Employing Discovery to Continue a Summary Judgment Hearing
John A. Schena, Esq.
Schwartz Semerdjian Ballard & Cauley LLP
Nearly every opposition to demurrer closes with a fallback position: an accompanying request for leave to amend. I often wonder why the same just-in-case approach is not more frequently employed in oppositions to motions for summary judgment. California Code of Civil Procedure section 437c(h) provides its own fallback provision, which if properly executed requires that the court either deny the motion in its entirety or at the very least grant a continuance of the summary judgment hearing. In pertinent part, 437c(h) states:
If it appears from the affidavits submitted in opposition to a motion for summary judgment or summary adjudication or both that facts essential to justify opposition may exist but cannot, for reasons stated, then be presented, the court shall deny the motion, or order a continuance to permit...discovery to be had...
At the heart of such a request is a showing of the need to conduct additional discovery for a sufficient opportunity to oppose the motion.
While the provision mandates either a denial or a continuance of the motion for summary judgment, both technical and equitable thresholds must first be met.

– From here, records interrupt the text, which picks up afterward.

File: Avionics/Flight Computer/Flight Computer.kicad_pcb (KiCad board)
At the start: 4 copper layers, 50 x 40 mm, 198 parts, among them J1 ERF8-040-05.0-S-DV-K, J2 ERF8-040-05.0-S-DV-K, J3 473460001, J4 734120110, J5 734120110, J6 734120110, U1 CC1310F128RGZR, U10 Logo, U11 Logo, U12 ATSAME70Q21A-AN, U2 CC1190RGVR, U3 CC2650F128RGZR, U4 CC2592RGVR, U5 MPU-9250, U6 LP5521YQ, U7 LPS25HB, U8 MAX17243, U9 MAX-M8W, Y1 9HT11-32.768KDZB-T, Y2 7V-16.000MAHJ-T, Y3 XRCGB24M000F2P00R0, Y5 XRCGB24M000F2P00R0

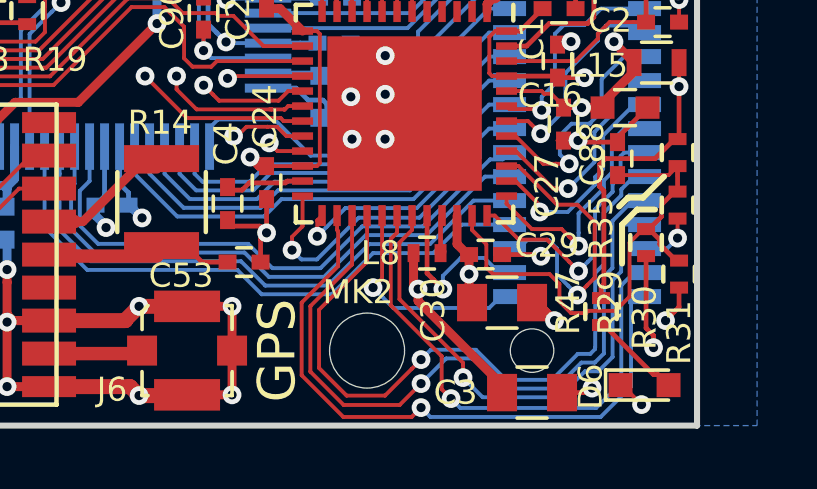
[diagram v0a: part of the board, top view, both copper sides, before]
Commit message: Built outputs and added manufacturing part numbers to make BOM search easier.
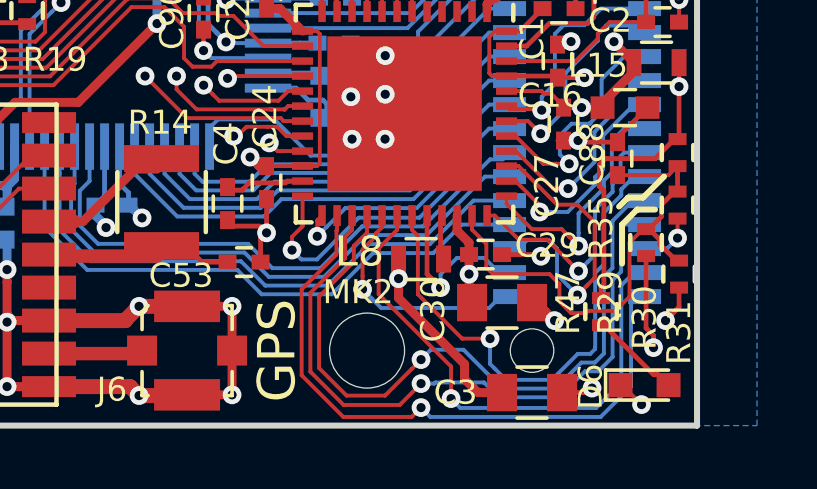
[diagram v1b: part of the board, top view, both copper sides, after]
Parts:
- C1, C2: value 0.1 -> 0.1u
- C10, C8: value 2.2p -> CL05C2R2BB5NNNC
- C12: value 18p -> CL05C2R2BB5NNNC
- C13, C21, C9: value 47p -> GRM1555C1H470FA01D
- C15, C17, C18, C26, C60, C62, C63, C64, C65, C66, C67, C70, C71: value 12p -> GRM1555C1H120GA01D
- C16, C38, C39, C46: value 2.2u -> EMK107BJ225KA-T
- C19, C3, C30, C33, C44, C51, C52: value 22u -> EMK212BBJ226MG-T
- C48, C49: value 10u -> GRM31CR61H106MA12L
- C50: value 2.2u -> UMK212BB7225KG-T
- L1, L14: value 22n -> CIH10T22NJNC
- L13, L3: value 2.2n -> HK10052N2S-T
- L4: value 9.1n -> LQW18AN9N1D00D
- L5: value 4.7n -> HK10054N7S-T
- L6: value 1n -> LQG15HS1N0S02D
- L7: value 2n -> LQG15HS2N0S02D
- L8: value 6.8u -> BRL1608T6R8M; footprint Inductors_SMD:L_0402 -> Inductors_SMD:L_0603
- L9: value 10u -> MLZ1608N100LT000
- R14: value 10 -> ERJ-14YJ100U
- R21: value 22k -> 18k
- U8: value MAX17243 -> MAX17243ETPB
- U9: value MAX-M8W -> MAX-M8W-0
- moved L8 0.28 mm to (90.8, 119.5)
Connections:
- J2 pad 69: /Connectors/900-DIO-18 -> /Connectors/900-DIO-21
- J2 pad 71: /Connectors/900-DIO-17 -> /Connectors/900-DIO-18
- J2 pad 73: /Connectors/900-DIO-21 -> /Connectors/900-DIO-17
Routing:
- net /900MHz Radio/VDDR_CC1310: track 24.6 -> 25.9 mm
- net /Connectors/900-DIO-17: track 23.9 -> 22.6 mm
- net /Connectors/900-DIO-19: track 7.51 -> 8.04 mm

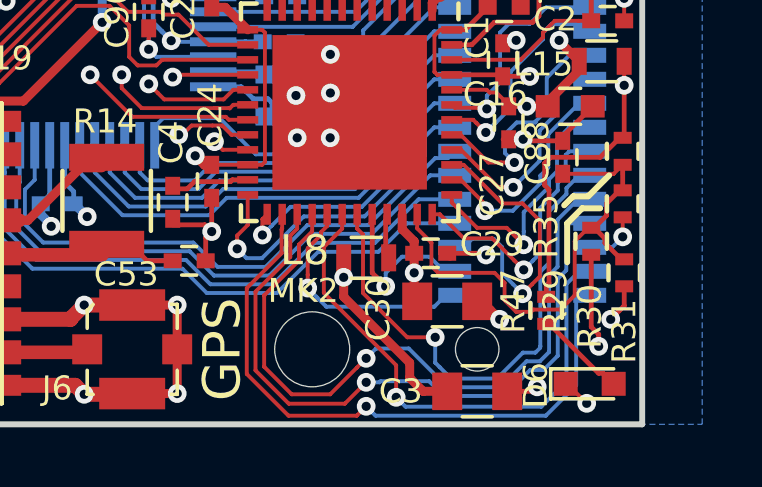
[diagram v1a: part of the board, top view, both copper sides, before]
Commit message: Rebuilt output files and generated a few BOM fixes.
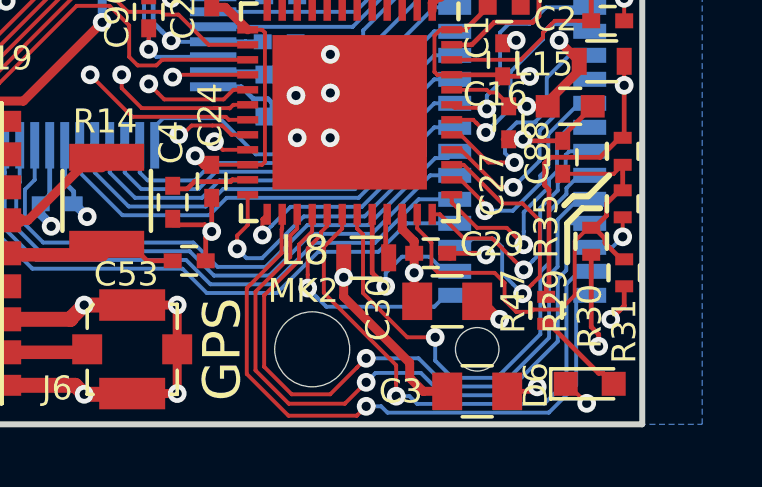
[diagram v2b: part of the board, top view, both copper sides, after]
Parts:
- C11: value 0.2p -> DNP
- C14: value 1p -> CL05C2R2BB5NNNC
- C5: value 3.3p -> GJM1555C1H3R3CB01D
- C6: value 7.5p -> GJM1555C1H7R5CB01D
- C85, C86: value 4.7u -> CC0603KRX5R7BB475
- L12, L18: value 10n -> LQG15HN9N1J02D
- L2: value 7.5n -> LQG15HS7N5J02D
- L4: value LQW18AN9N1D00D -> LQG15HN9N1J02D
- R20: value 5.62k -> 5.6k
- R23: value 2.2 -> ERJ-2GEJ2R2X
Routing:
- net /Connectors/900-DIO-18: track 23.6 -> 23.0 mm

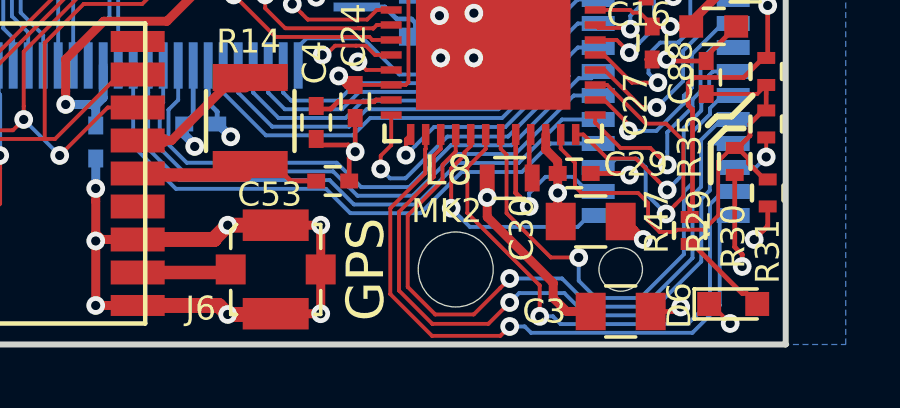
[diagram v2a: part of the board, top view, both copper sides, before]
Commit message: Updated more manufacturing part numbers for macrofab compatibility.
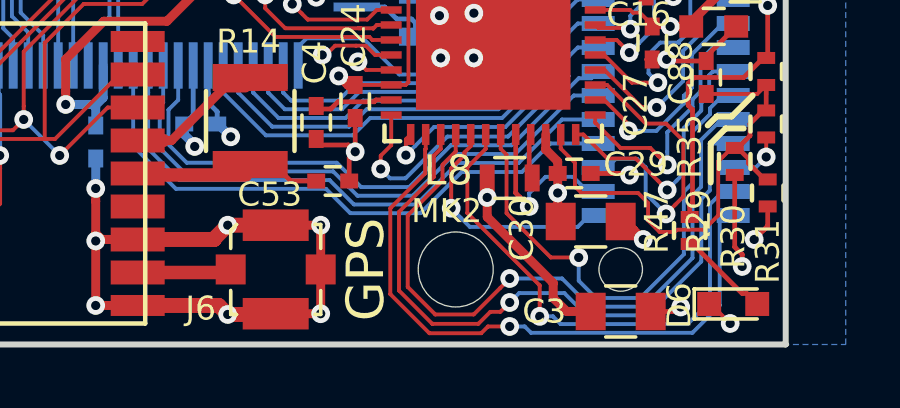
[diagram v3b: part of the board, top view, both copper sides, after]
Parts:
- C92, C93: value 0.47u -> GRM155R61C474KE01D
- D3: value CLX6D-FKB -> CLX6D-FKB-CMPQSGKBB7A363
- D4, D5, D8: value LED-0603-GREEN -> MF-LED-0603-GREEN
- D6: value LED-0603-RED -> MF-LED-0603-RED
- J4, J5, J6: value 734120110 -> 0734120110
- L10, L11, L15: value BLM18HE152SN1 -> BLM18HE152SN1D
- R4: value 3.3k -> RC0402FR-073K3L
- R8: value 3.9k -> RC0402FR-073K9L
- U6: value LP5521YQ -> LP5521YQ/NOPB
- U7: value LPS25HB -> LPS25HBTR
- U8: value MAX17243ETPB -> MAX17243ETPB+

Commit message: Fixed connector part number
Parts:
- J1, J2: value ERF8-040-05.0-S-DV-K -> ERF8-040-05.0-S-DV-K-TR
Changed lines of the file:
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@@
       (effects (font (size 0.8 0.8) (thickness 0.13)) (justify mirror))
     )
-    (fp_text value ERF8-040-05.0-S-DV-K (at 0 0 90) (layer B.Fab)
+    (fp_text value ERF8-040-05.0-S-DV-K-TR (at 0 0 90) (layer B.Fab)
       (effects (font (size 0.9 0.9) (thickness 0.1)) (justify mirror))
     )
@@
       (effects (font (size 0.8 0.8) (thickness 0.13)) (justify mirror))
     )
-    (fp_text value ERF8-040-05.0-S-DV-K (at 0 0 90) (layer B.Fab)
+    (fp_text value ERF8-040-05.0-S-DV-K-TR (at 0 0 90) (layer B.Fab)
       (effects (font (size 0.9 0.9) (thickness 0.1)) (justify mirror))
     )

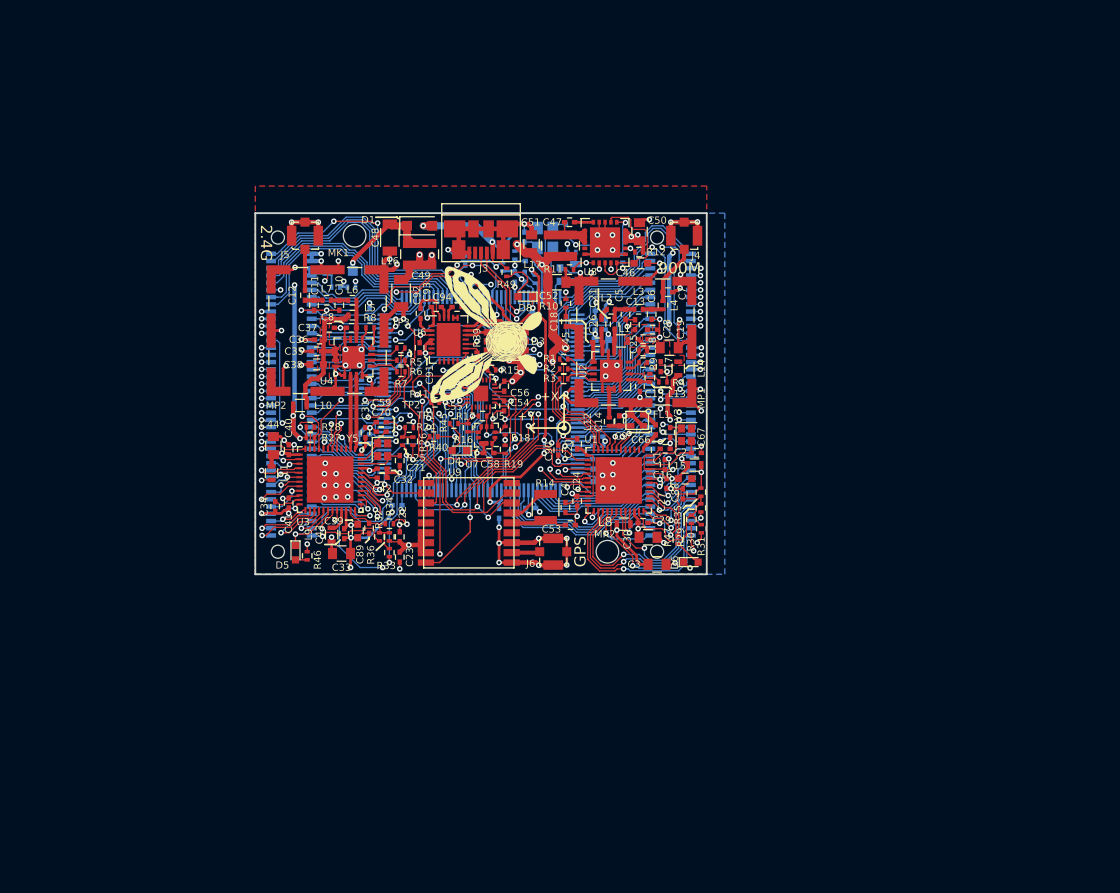
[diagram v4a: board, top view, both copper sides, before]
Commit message: Finished rerouting and power supply update. Replaced connectors and did initial replacement.
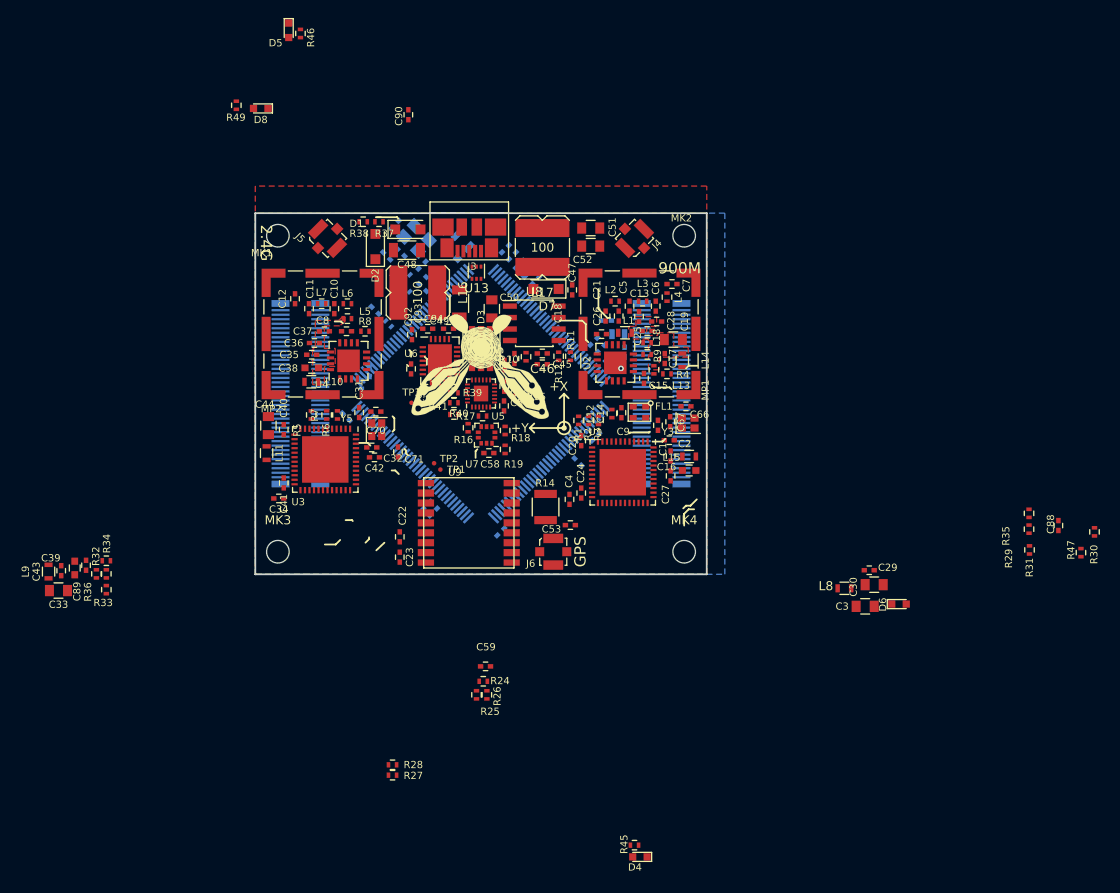
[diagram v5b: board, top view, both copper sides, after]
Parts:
- removed R13: 10k, Resistors_SMD:R_0402
- added C95: GRM1555C1H120GA01D, Capacitors_SMD:C_0402, F.Cu at (78.7, 101.1)
- added D7: SS24FL, Diodes_SMD:D_SOD-123F, F.Cu at (82.2, 93.4)
- added MK3: Mounting_Hole, Mounting_Holes:MountingHole_2.5mm, F.Cu at (52.5, 122.5)
- added MK4: Mounting_Hole, Mounting_Holes:MountingHole_2.5mm, F.Cu at (97.5, 122.5)
- added U13: NUF2042XV6, TO_SOT_Packages_SMD:SOT-563, F.Cu at (74.5, 91.6)
- C45: value 1n -> 0.01u
- C46: value EMK107BJ225KA-T -> GRM1555C1H120GA01D; footprint Capacitors_SMD:C_0603 -> Capacitors_SMD:C_0402
- D1: value NTS245SFT1G -> SS24FL
- D2: value NTS245SFT1G -> SS24FL; moved to F.Cu
- J1, J2: value ERF8-040-05.0-S-DV-K-TR -> AXK5S80047YG; footprint Connectors_Samtec:ERF8-040-05.0-S-DV-K -> Connectors:AXK5S80047YG
- L16, L17: value 74438356022 -> SRN6045-100M; footprint Inductors_SMD:L_Wuerth_MAPI-4020 -> Inductors_SMD:L_BOURNS-SRN6045
- R11: value 15k -> 18k
- R12: value 100k -> ERJ-2RKF5761X
- R37, R38: moved to F.Cu
- U8: value MAX17243ETPB+ -> TPS54232; footprint Housings_DFN_QFN:QFN-20-1EP_5x5mm_Pitch0.65mm -> Housings_SOIC:SOIC-8_3.9x4.9mm_Pitch1.27mm
- moved R46 57.9 mm to (55.0, 65.1)
- moved D5 57.9 mm to (53.7, 64.8)
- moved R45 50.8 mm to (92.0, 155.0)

The request may be made by ex parte application before the opposition is due or even with the opposition itself, but it is not enough to merely make the request as a suggested alternative within the body of an opposition. In this sense, 437c(h) relief is more difficult to obtain than leave to amend following a demurrer, as an accompanying affidavit from a party or counsel is required. The declaration in support of the request must show that there is a reason to believe that facts exist which are essential to opposing the summary judgment motion and provide a suitable explanation as to why those facts have not yet been obtained. See Cooksey v. Alexakis (2004) 123 Cal.App.4th 246. In short, a description of what fact is out there that needs to be discovered, why it has not yet been discovered, and why it is important for resolution prior to the summary judgment hearing is essential. The need to conduct any facet of discovery may justify a continuance, whether it is the deposition of a key witness who has been difficult to locate, a document which has not been produced, or even a response to an interrogatory that has been evaded. However, like leave to amend following a sustained demurrer, 437c(h) relief is liberally granted once the necessary thresholds have been met. If the party opposing summary judgment is able to make this showing in good faith, the trial court must at the very least grant a continuance. Park v. First American Title Co. (2011) 201 Cal.App.4th 1418.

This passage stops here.